The Amelia Island program will start with three contemporary ballets, says Allyne Gartrell, Artistic Director, who founded the company in 2010. The first, entitled “Written in Stone,” is about declaring where and who you are in your life. “Time Pieces” is a solo performance from a larger work that explores issues of time – gaining it, losing it and being on time. “Rag on the Block,” is a fun, jazz ballet in three parts where the dancers are carefree, just feeling good and having a wonderful time, Gartrell says.

For the program’s second half, titled “Reflections and Renaissance,” the dancers will celebrate the rich history, culture, and art of the Harlem Renaissance era, 1910-1925, including the musical influence of jazz greats, Duke Ellington, Count Basie and many others.

Jazz ties in nicely with another project the Atlanta Dance Connection is undertaking with the Amelia Island Dance Festival. This is an original ballet now being created about American Beach, a popular resort for African Americans in the 1930s, 40s and 50s. Between concerts, the dancers will take a bus tour of American Beach and visit sites of the historic nightclubs and juke joints where many jazz age stars performed.

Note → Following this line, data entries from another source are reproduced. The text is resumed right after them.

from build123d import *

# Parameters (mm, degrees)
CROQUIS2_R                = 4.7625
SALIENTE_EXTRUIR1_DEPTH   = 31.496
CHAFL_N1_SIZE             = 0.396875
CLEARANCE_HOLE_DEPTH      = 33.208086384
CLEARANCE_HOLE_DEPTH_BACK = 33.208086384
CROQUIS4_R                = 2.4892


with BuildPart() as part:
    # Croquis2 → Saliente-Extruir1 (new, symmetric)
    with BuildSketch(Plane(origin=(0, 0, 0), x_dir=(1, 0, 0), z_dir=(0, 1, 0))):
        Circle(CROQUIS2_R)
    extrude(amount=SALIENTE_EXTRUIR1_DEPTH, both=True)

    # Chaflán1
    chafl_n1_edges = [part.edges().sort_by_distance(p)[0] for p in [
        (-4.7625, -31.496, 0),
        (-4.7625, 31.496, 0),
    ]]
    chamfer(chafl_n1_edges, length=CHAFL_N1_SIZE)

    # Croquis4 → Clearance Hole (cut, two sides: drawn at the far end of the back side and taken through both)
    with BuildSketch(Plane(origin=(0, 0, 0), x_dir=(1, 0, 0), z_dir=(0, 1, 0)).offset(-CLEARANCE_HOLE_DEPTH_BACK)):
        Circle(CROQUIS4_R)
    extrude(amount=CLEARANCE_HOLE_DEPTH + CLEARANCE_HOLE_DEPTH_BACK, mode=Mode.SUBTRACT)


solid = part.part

“We hope that dance lovers who see the artistry, vision and passion of this incredibly talented company will help us fund the top-quality sets, costumes, technology and everything else a major production requires, especially one with as much potential as the story of American Beach,” says Susie Dodge, AIDF president. If all goes well, the new ballet may premiere during a future Amelia Island Dance Festival season.

But that’s not all. On Saturday, May 11, the Atlanta Dance Connection will hold a free workshop for dancers of all ages and experience at noon, and a special free program for children at 2 p.m. Both will be held at Amelia Community Theatre.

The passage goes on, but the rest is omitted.